Wow.Amazing condition.


----------



## Art Smith (Oct 16, 2012)

Something looks funny with the mouth opening to me. Maybe just the light or something, but it looks unsquare


----------



## EricD (Jan 17, 2013)

The only value of that #1 is as a collector, not a user. If I needed a #1, I'd buy a Lie-Nielsen #1 for $225. What does one use a #1 size hand plane for? A block plane fits my hand much better.


----------



## railaw (Nov 15, 2011)

I thought the payment terms in the description were odd....


----------



## strippedscrew (Oct 28, 2012)

I wonder where he got it?


----------



## firehawkmph (Apr 26, 2008)

Looks like he put it to a wire wheel, on the body at least. I always thought that would detract from the value as far as the collectors go.
Mike Hawkins


----------



## HandToolGuy (Dec 10, 2011)

Oh yeah, that baby has been tarted up to look her best. The description pretty much tells the story. BUT, remember, there are collectors and there are collectors.
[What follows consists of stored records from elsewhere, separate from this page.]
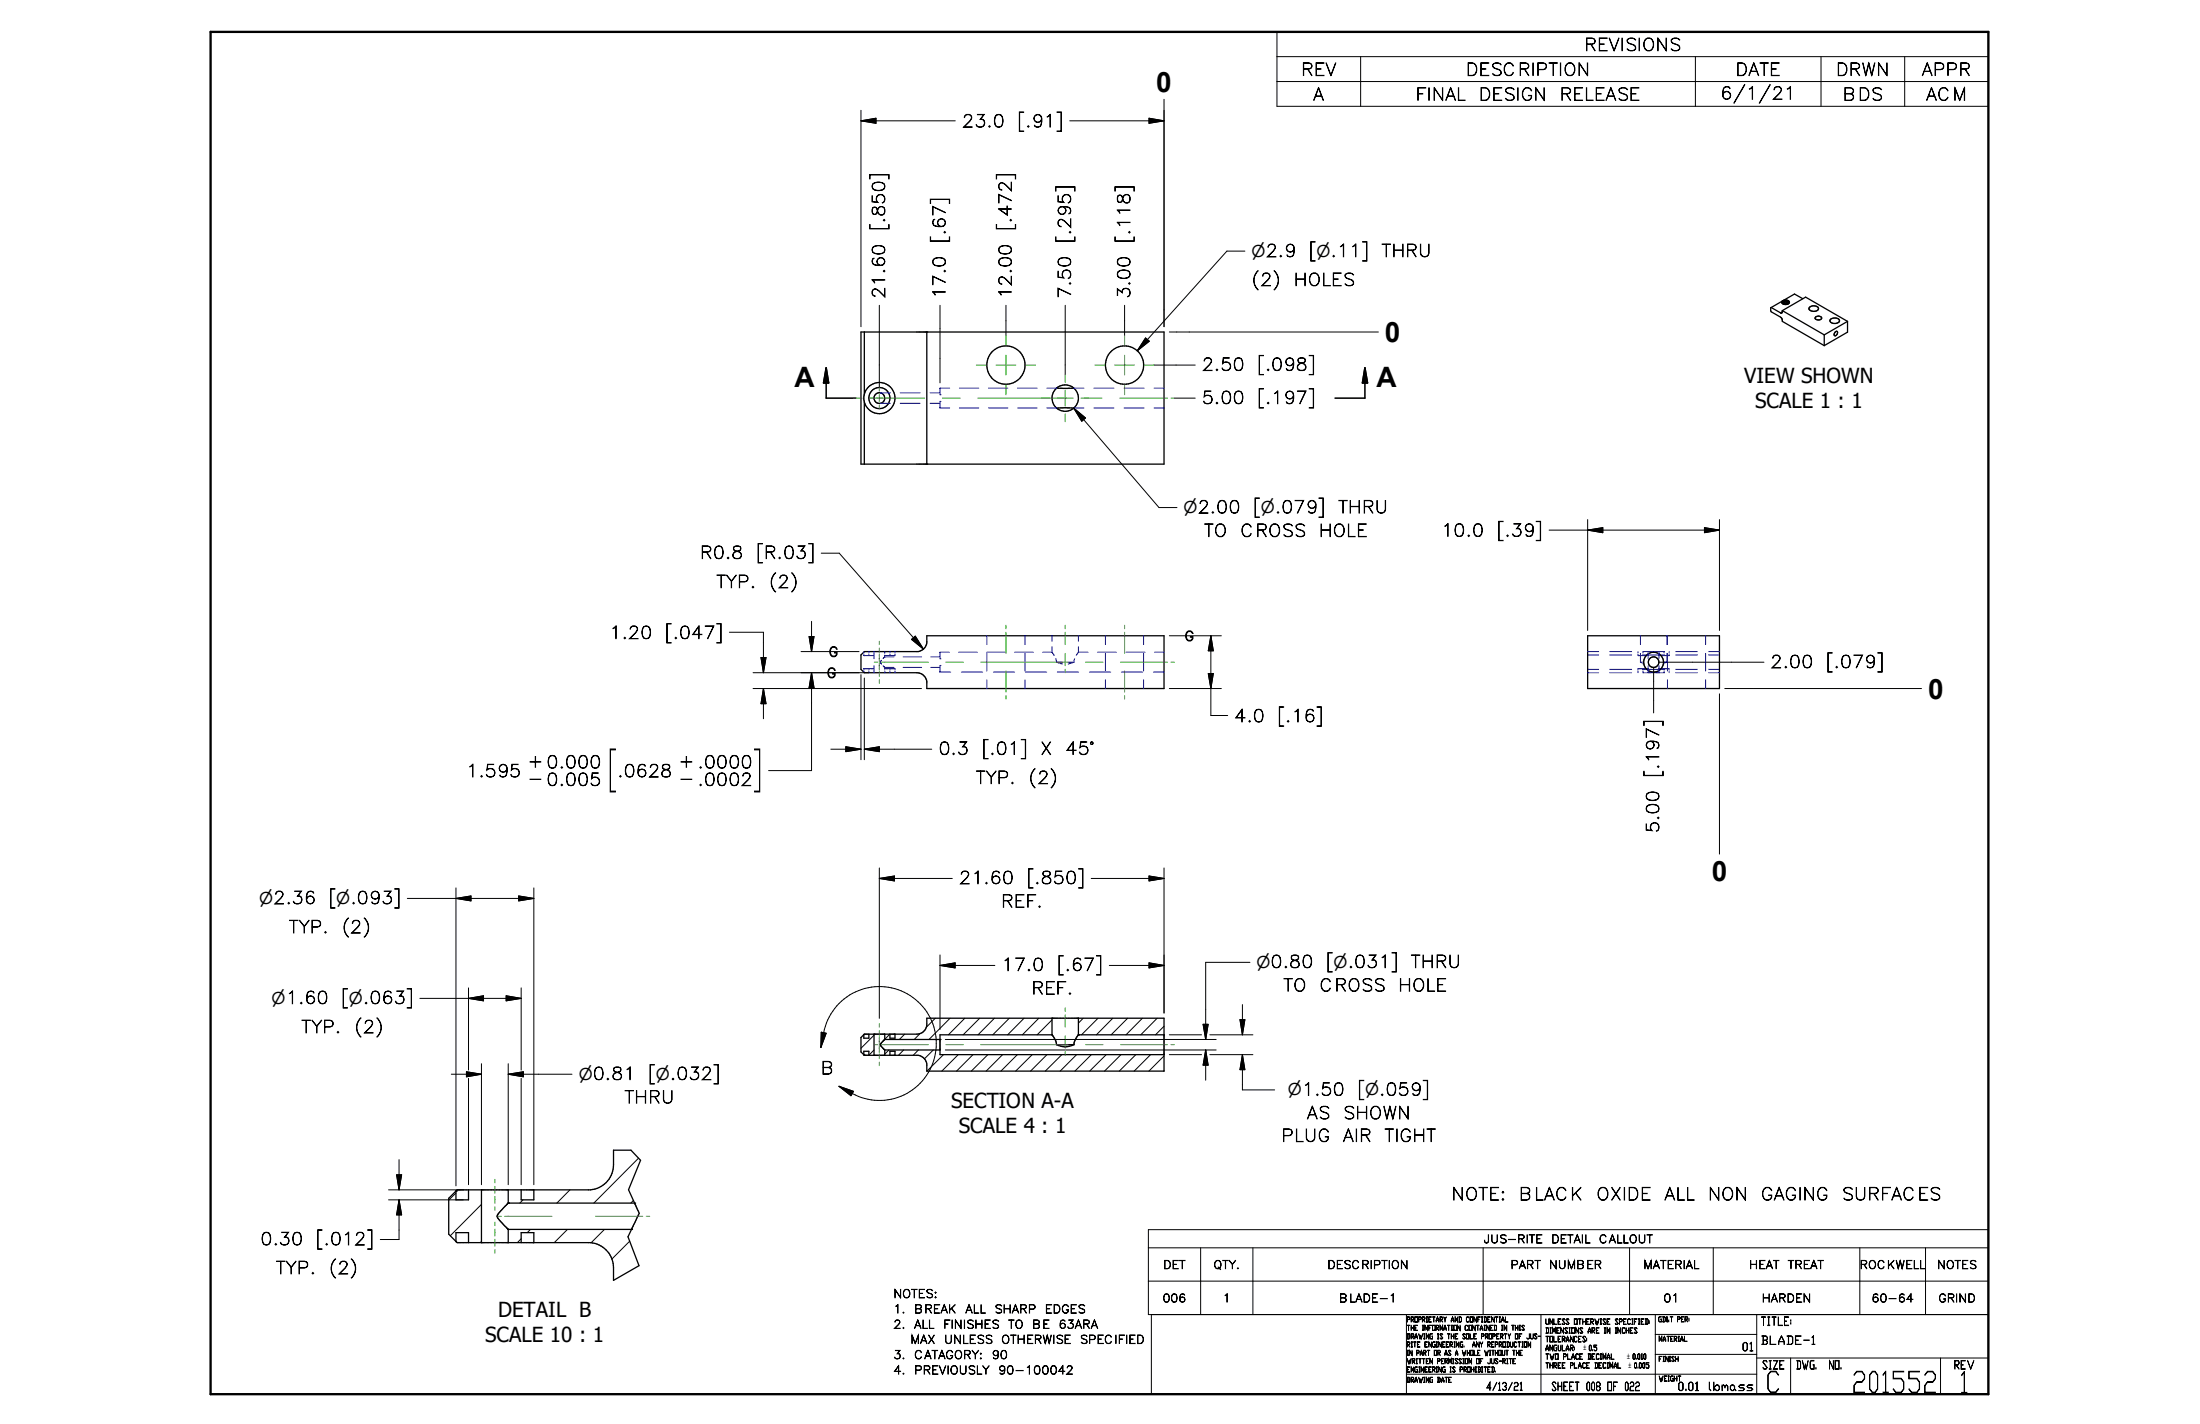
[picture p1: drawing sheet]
<svg xmlns="http://www.w3.org/2000/svg" width="432mm" height="279mm" viewBox="0 0 432 279" stroke-linecap="round" stroke-linejoin="round" font-family="sans-serif">
<g fill="none" stroke="#000" stroke-width=".2">
<path d="M228.5 19.5v44.6M250.6 6.3h139.7v14.6h-139.7zM250.6 11.1h139.7M250.6 16h139.7M267.1 11.1v9.8M332.8 11.1v9.8M357.4 11.1v9.8M373.8 11.1v9.8M169 23.7h18.5M169 23.7l2.9-.5v1zM169 21.6v42.5M210 23.7h18.5"/>
<path d="M225.5 23.2l3 .5-3 .5zM172.6 59.9v16.2M184.5 59.9v15.2M197.4 59.9v5.9M209.1 59.9v13.6M220.7 59.9v5.9M244.3 49.3h-3.5l-17.6 19.5M224.8 66.3l.8 .7-2.4 1.8zM226.5 71.6h8.1M229.5 65.1h41M230.5 78.1h4.1M210.7 80.1l16.8 19.5h3.5"/>
<path d="M210.7 80.1l2.4 1.9-.8 .6zM161.2 108.5h3.5l16.5 18.9M304 104h33.5M311.6 104l3-.5v1zM311.6 102v21.7M334.5 103.5l3 .5-3 .5zM337.5 102v21.7M143.2 124.1h6.6v7.9M147.8 132h22.7M147.8 135.1h33.1M149.4 129h.9l-.5 3zM149.8 135.1v5.9"/>
<path d="M149.8 135.1l.5 3h-.9zM157.2 127.8h11.4M158.8 124.9h1l-.5 2.9zM159.3 121.9v5.9M159.3 132v19.2h-8.4M159.3 132l.5 2.9h-1zM169 132.4v16.7M169.6 133v16.1M178.9 125.5l.7-.7 1.6 2.6zM229.5 135.1h10.2M229.5 124.7h10.2M237.2 132.1h.9l-.4 3z"/>
<path d="M237.7 124.7v15.7h3.3M237.7 124.7l.4 3h-.9zM324.6 131v8.9M325.6 129.9h20.6M337.5 136.1v31.5M338.5 135.1h38.6M163.1 147h5.9M166 146.5l3 .5-3 .5zM169.6 147l3-.5v1zM169.6 147h13.3M79.9 176.3h24.9M89.5 176.3l2.9-.5v1z"/>
<path d="M89.5 174.2v58.5M101.8 175.8l3 .5-3 .5zM104.8 174.2v58.2M172.6 170.3v29.5M172.6 172.4h14.3M172.6 172.4l3-.5v.9zM214.2 172.4h14.3M225.5 171.9l3 .5-3 .4zM228.5 170.3v28.5M82.4 195.9h19.9M92 195.9l2.9-.5v1zM92 193.8v16.2"/>
<path d="M99.3 195.4l3 .5-3 .5zM102.3 193.8v16.2M183.6 199.8l-1.8 1.8M184.5 187.4v14.6M184.5 189.4h10.8M184.5 189.4l3-.5v1zM186.5 199.8l-4.2 4.2M189.4 199.8l-3.3 3.2M192.3 199.8l-3.3 3.2M195.2 199.8l-3.2 3.2M198.1 199.8l-3.2 3.2M201 199.8l-3.2 3.2"/>
<path d="M203.9 199.8l-3.2 3.2M212.6 199.8l-.9 .9M215.5 199.8l-3.2 3.2M217.7 189.4h10.8M218.4 199.8l-3.2 3.2M221.3 199.8l-3.2 3.2M224.2 199.8l-3.2 3.2M225.5 188.9l3 .5-3 .5zM227.1 199.8l-3.2 3.2M243.9 197.1v5.9M245.3 188.8h-8.7v15.2M88.6 210.8h5.9"/>
<path d="M91.6 210.3l2.9 .5-2.9 .5zM92 211.6v20.8M94.5 208.7v23.7M99.8 210.8h12.5M99.8 210.8l2.9-.5v1zM99.8 208.7v23.7M102.3 211.6v20.8M161.1 205.5a17.3 17.3 0 0 1 1.7-6 11.2 11.2 0 0 1 15.1-4.6 11.2 11.2 0 0 1 4.5 15.2 11.2 11.2 0 0 1-15.1 4.5l-2.6-1.5M161.2 202.5l1 .2-1.1 2.8zM164.7 213.1l2.8 1-.5 .9zM171.5 206l-1 1.1M171.5 203.1l-2.5 2.6"/>
<path d="M174.5 206l-.8 .8M174.6 202.9l-.9 1M177.4 206l-1.1 1.1M177.6 202.9l-1.1 1.1M180.3 206l-1.1 1.1M180.6 202.8l-1.2 1.2M183.2 206l-1.8 1.8M185.2 206.9l-3.3 3.3M185.5 206h23.5M185.5 204h23.5M188.1 206.9l-3.2 3.3M191 206.9l-3.3 3.3"/>
<path d="M193.9 206.9l-3.3 3.3M196.8 206.9l-3.2 3.3M199.7 206.9l-3.2 3.3M202.6 206.9l-3.3 3.3M205.5 206.9l-3.2 3.3M206.5 203h.1M206.5 200.1l-2.9 2.9M208.4 206.9l-3.2 3.3M209.1 206h29.6M209.1 204h29.6M211.3 206.9l-3.2 3.3M214.2 206.9l-3.2 3.3"/>
<path d="M217.1 206.9l-3.2 3.3M220 206.9l-3.2 3.3M222.9 206.9l-3.2 3.3M225.8 206.9l-3.2 3.3M228.5 210.1l-.1 .1M228.5 207.2l-3 3M228.5 201.4l-1.7 1.6M229.5 203h6.3M229.5 206.9h6.3M236.1 201h1l-.5 3zM236.6 206v5.9M236.6 206l.5 3h-1z"/>
<path d="M237.5 203h8.4M237.5 206.9h8.4M243.4 200.1h.9l-.4 2.9zM243.9 206.9v6.9h6.3M243.9 206.9l.4 3h-.9zM76.3 233.5h14.6M76.3 235.4h14.6M77.8 230.5h1l-.5 3zM78.3 227.5v6M78.3 235.4v7.8h-3.7M78.3 235.4l.5 3h-1zM89.5 234.1l-1.4 1.4"/>
<path d="M94.5 236.3l-6.1 6.2M102.6 235.4l-.6 .7M111.9 233.5l-2.6 2.6M124.3 235.5l-.5 .6M125.3 227.3l-8.7 8.8M94.5 243.6l-.2 .2M102.3 243.1l-.7 .7M104.1 241.2l-.6 .7M111.4 241.2l-2.6 2.6M118.6 241.2l-2.6 2.7M123.6 243.5l-3.5 3.5M225.4 244.8h164.9"/>
<path d="M225.4 251.4h164.9M226 257.9v15.7h164.3v-32.3h-164.9v16.6h164.9M235.7 244.8v13.1M245.9 244.8v13.1M276 257.9v15.7M291.1 244.8v13.1M302.4 257.9v15.7M319.8 244.8v13.1M324.9 257.9v15.7M336.3 244.8v13.1M344.8 257.9v15.7M365 244.8v13.1"/>
<path d="M377.9 244.8v13.1M276 269.6h68.8M324.9 261.8h19.9M324.9 265.7h19.9M344.8 266.5h45.5M351.4 266.5v7.1M380.9 266.5v7.1"/>
</g>
<g fill="none" stroke="#000" stroke-width=".25">
<path d="M349.7 59.4l.5 .3M349.8 59.1l-2.2 1.2M349.8 59.1l-.1 .3M349.9 59.3l.3 .4M350.1 58.9l-.3 .2M350.1 58.9a.71 .71 0 0 1 1.1 .5l-.5 .3h-.5M350.2 59.1l-.5 .3M350.2 59.3l.1-.1 .4 .1a.27 .27 0 0 1-.2 .2 .27 .27 0 0 1-.3-.2zM350.7 59.1l.5 .3M351 59.3a.53 .53 0 0 1-.6 .3 .53 .53 0 0 1-.4-.4 .53 .53 0 0 1 .6-.2 .53 .53 0 0 1 .3 .6l-.2 .1M353.8 58.6l-1.6-.9-2.1 1.2M169 65.1h59.5v26h-59.5z"/>
<path d="M169.6 65.1v12.3M169.6 78.9v12.2M169.6 77.4l-.1 .5 .1 1M169.6 77.4a3.1 3.1 0 0 1 4.7-1.8 3.1 3.1 0 0 1 0 5 3.1 3.1 0 0 1-4.7-1.7M181.9 65.1h.1M181.9 65.1v26M207.4 76.2h3.4M347.6 60.3l-.1 .1 .1 .8 1.9 1 .2 .3 .1 .6 8.3 4.7M347.6 60.3l1.9 1.1M349.8 60.9v.3M349.8 60.9l4.6-2.6 8.2 4.8M349.8 61.2l-.1 .2h-.2"/>
<path d="M349.8 61.2l-.3 .2M349.8 60.9l8.3 4.8M355.1 60.3a1.21 1.21 0 0 1 1.8 .2 1.06 1.06 0 0 1-1.8 0zM356.3 62.2a.73 .73 0 0 1 1.2 .3 .73 .73 0 0 1-1.2-.2zM358.1 65.7v2.1M359.2 62.7a1.09 1.09 0 0 1 1.8 .3 1.01 1.01 0 0 1-.9 .5 1.01 1.01 0 0 1-.9-.7zM360.3 65.1a.25 .25 0 0 1 .3 0 .25 .25 0 0 1 0 .3 .35 .35 0 0 1-.2 .5 .35 .35 0 0 1-.4-.2zM362.6 63.1v2.1l-4.5 2.6M362.6 63.1l-4.5 2.6M181.9 91.1h.1M207.4 80h3.4M169.6 127.8h10.6a2.04 2.04 0 0 0 1.7-1.7v-1.4h46.6v10.4h-46.6v-1.4a1.99 1.99 0 0 0-1.9-1.7h-10.4l-.6-.7v-2.8z"/>
<path d="M311.6 124.7h25.9v10.4h-25.9zM206.5 199.8v3.2h-22v3.9h44M211.7 199.8v3.2M169.5 207h.1M169.5 203l10.5-.1a1.99 1.99 0 0 0 1.9-1.7v-1.4h46.6v10.4h-46.6v-1.4a2.03 2.03 0 0 0-1.7-1.7h-10.6l-.1-.1M169.5 203l-.5 .6v2.8l.5 .6M169.5 207v-.7h1v.8M170.5 202.9v.8h-1v-.7M171.5 202.9v4.2M173.6 204l-.6 .6a.51 .51 0 0 0-.2 .5 .51 .51 0 0 0 .3 .4l.5 .5 .1 1.1M173.6 204h10.9M173.7 202.9v1.1"/>
<path d="M173.7 206h10.8M174.7 202.9v.8h1v-.8M174.7 207.1v-.8h1v.8M184.5 204h.1M206.5 203.1l.6 1 .3 .9M207.4 205h3.4M207.4 205a3.6 3.6 0 0 0 3.4 0M211.6 203.1l-.6 1-.2 .9M211.7 203h.1M211.7 203h16.8M89.5 233.7h.1M92 233.5v1.9h-2.5v-1.7"/>
<path d="M94.5 233.5v10.3M99.7 236.1l-1.8 1.9a.81 .81 0 0 0 0 1.3l1.8 1.9M99.8 236.1h.1M99.8 233.5v2.6M99.8 236.1h24.8M102.3 233.5v1.9h2.5v-1.9M124.6 236.1h.1M124.6 236.1l-1.2-2.7 2.3-5.7-1.9-2h-3.4v2.8a5 5 0 0 1-4.5 5h-26.2l-1.6 1.6v7.1l1.4 1.4M124.6 236.1l.9 2-1.6 3.1M89.5 243.6v-1.7h2.5v1.9M102.3 243.8v-1.9h2.5v1.9M123.9 241.2h.1"/>
<path d="M123.9 241.2l-.6 1.5 2.1 5.6-5 2.9v-2.5a5 5 0 0 0-4.5-4.9h-26.2l-.2-.2M123.9 241.2h-24.1v2.6"/>
<circle cx="172.6" cy="78.1" r="1.04"/>
<circle cx="172.6" cy="78.1" r="2.07"/>
<circle cx="197.4" cy="71.6" r="3.8"/>
<circle cx="209.1" cy="78.1" r="2.59"/>
<circle cx="220.7" cy="71.6" r="3.8"/>
<circle cx="324.6" cy="129.9" r="1.04"/>
<circle cx="324.6" cy="129.9" r="1.95"/>
</g>
<g fill="none" stroke="#00f" stroke-width=".2">
<path d="M172.8 77.1h1.9M172.8 79.1h1.9M176.7 77.1h3.9M176.7 79.1h3.9M182.5 77.1h2M182.5 79.1h2M184.5 77.5h.1M184.5 78.8h.1M184.5 78.8v1.2h1.9M186.4 76.2h-1.9v1.3M188.3 76.2h3.8M194 76.2h3.8"/>
<path d="M199.7 76.2h3.9M205.5 76.2h1.9M210.8 76.2h2M214.7 76.2h3.9M220.6 76.2h4M226.5 76.2h2M188.3 80h3.8M194 80h3.8M199.7 80h3.9M205.5 80h1.9M210.8 80h2M214.7 80h3.9"/>
<path d="M220.6 80h4M226.5 80h2M169.5 127.9v.3M169.5 128.4v.2h2.1M169.5 131.7v.2M170.5 127.8v.3M170.5 128.4v.2M170.5 131.2v.3M170.5 131.7v.3M171.5 127.8v1.4M171.5 130.6v1.4M171.6 131.2h-2.1v.2"/>
<path d="M173 129.6a.43 .43 0 0 0 0 .7M173.3 130.6l.3 .3 .1 .4M173.6 131.2h2.1v.3M173.6 128.9l-.3 .3M173.6 131h1.9M173.7 127.8v.4M173.7 128.5l-.1 .4M173.7 131.6v.4M173.7 128.9h1.8M174.7 127.8v.3M174.7 128.4v.2M174.7 131.2v.3"/>
<path d="M174.7 131.7v.3M175.7 127.8v.3M175.7 128.4v.2h-2.1M175.7 131.7v.3M177.3 131h3.6M177.3 128.9h3.6M182.7 131h1.8M182.7 128.9h1.8M184.5 129.3h.1M184.5 130.6h.1M184.5 130.6v1.3h2.1M186.3 128h-1.8v1.3"/>
<path d="M188.2 128h3.6M188.7 131.9h4.2M193.7 128h3.6M193.7 124.7v1.8M193.7 128.2v3.5M193.7 133.4v1.7M195 131.9h4.1M199.1 128h3.7M201.2 124.7v1.8M201.2 128.2v3.5M201.2 133.4v1.7M201.3 131.9h4.1"/>
<path d="M204.7 128h1.8M206.5 128l.4 .6M206.5 124.7v1.1M206.5 126.9v1.1M207.2 129.2l.2 .7M207.4 129.9l1.1 .4M207.4 129.9h1.1M207.5 131.9h4.2M209.7 129.9h1.1M210.8 129.9l-1.1 .4M210.9 129.2l-.1 .7M211.7 128l-.4 .6"/>
<path d="M211.7 124.7v1.1M211.7 126.9v1.1h1.8M213.8 131.9h4.2M215.4 128h3.7M217 124.7v1.8M217 128.2v3.5M217 133.4v1.7M220.1 131.9h4.2M221 128h3.7M224.5 124.7v1.8M224.5 128.2v3.5M224.5 133.4v1.7"/>
<path d="M226.4 131.9h2.1M226.6 128h1.9M311.6 131.3h2.2M311.6 128.5h2.2M311.6 132h2.2M311.6 127.8h2.2M315.9 131.3h4.3M315.9 128.5h4.3M315.9 132h4.3M315.9 127.8h4.3M321.5 128.4v.2h2M321.5 127.8v.3"/>
<path d="M321.5 131.7v.3M322 129.9h.2M322 129.9l.2 .2M322 124.7v1.8M322 128.2v1.7M322.4 129.9h.2M322.4 131.3h4.3M322.4 128.5h4.3M322.4 132h4.3M322.4 127.8h4.3M322.4 130.2l.3 .1M322.5 127.8v.3"/>
<path d="M322.5 128.4v.2M322.5 131.2v.3M322.5 131.7v.3M323.5 127.8v1.4M323.5 130.6v1.4M323.5 131.2h-2v.3M323.8 127.8l.5 .1M324.3 131.9h.1M324.3 127.9h.1M324.3 131.9l-.5 .1M324.8 131.9h.1M324.8 127.9h.1"/>
<path d="M324.8 131.9l.5 .1M325.3 127.8l-.5 .1M325.6 131.2h2v.3M325.6 127.8v1.4M325.6 130.6v1.4M326.5 129.9h.2M326.6 127.8v.3M326.6 128.4v.2M326.6 131.2v.3M326.6 131.7v.3M326.7 130.2l-.3 .1M326.9 129.9h.3"/>
<path d="M327.2 129.9l-.3 .2M327.2 124.7v1.8M327.2 128.2v1.7M327.3 124.7v1.8M327.3 128.2v3.5M327.3 133.4v1.7M327.6 128.4v.2h-2M327.6 127.8v.3M327.6 131.7v.3M328.9 131.3h4.3M328.9 128.5h4.3M328.9 132h4.3"/>
<path d="M328.9 127.8h4.3M334.8 124.7v1.8M334.8 128.2v3.5M334.8 133.4v1.7M335.3 131.3h2.2M335.3 128.5h2.2M335.3 132h2.2M335.3 127.8h2.2"/>
</g>
<path d="M41.3 6.3h349v267.3h-349z" fill="none" stroke="#000" stroke-width=".46"/>
<path d="M162.2 72.2v5.9h5.8M162.2 72.2l.4 2.9h-1zM267.9 72.2v5.9h-5.9M267.9 72.2l.5 2.9h-1z" fill="none" stroke="#000" stroke-width=".3"/>
<path d="M162.2 72.2l.4 2.9h-1zM267.9 72.2l.5 2.9h-1z" fill="#000" stroke="#000" stroke-width=".3"/>
<g fill="#000" stroke="#000" stroke-width=".2">
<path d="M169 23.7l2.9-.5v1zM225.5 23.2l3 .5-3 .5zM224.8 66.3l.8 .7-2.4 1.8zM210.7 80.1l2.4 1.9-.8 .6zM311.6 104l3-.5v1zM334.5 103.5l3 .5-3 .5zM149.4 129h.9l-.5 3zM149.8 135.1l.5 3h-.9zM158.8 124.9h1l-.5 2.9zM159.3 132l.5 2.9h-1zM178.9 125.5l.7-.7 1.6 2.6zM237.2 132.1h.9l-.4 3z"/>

A new collector with money to burn is probably who bought this, not an experienced one.


----------



## Turner1944 (Jan 26, 2013)

*#1 Stanley Plane*

Apparently he did not get the $1500 as it is now relisted under the value of $1100.

David Turner


----------



## strippedscrew (Oct 28, 2012)

It's worth $1,500 plus. Its the economy.


----------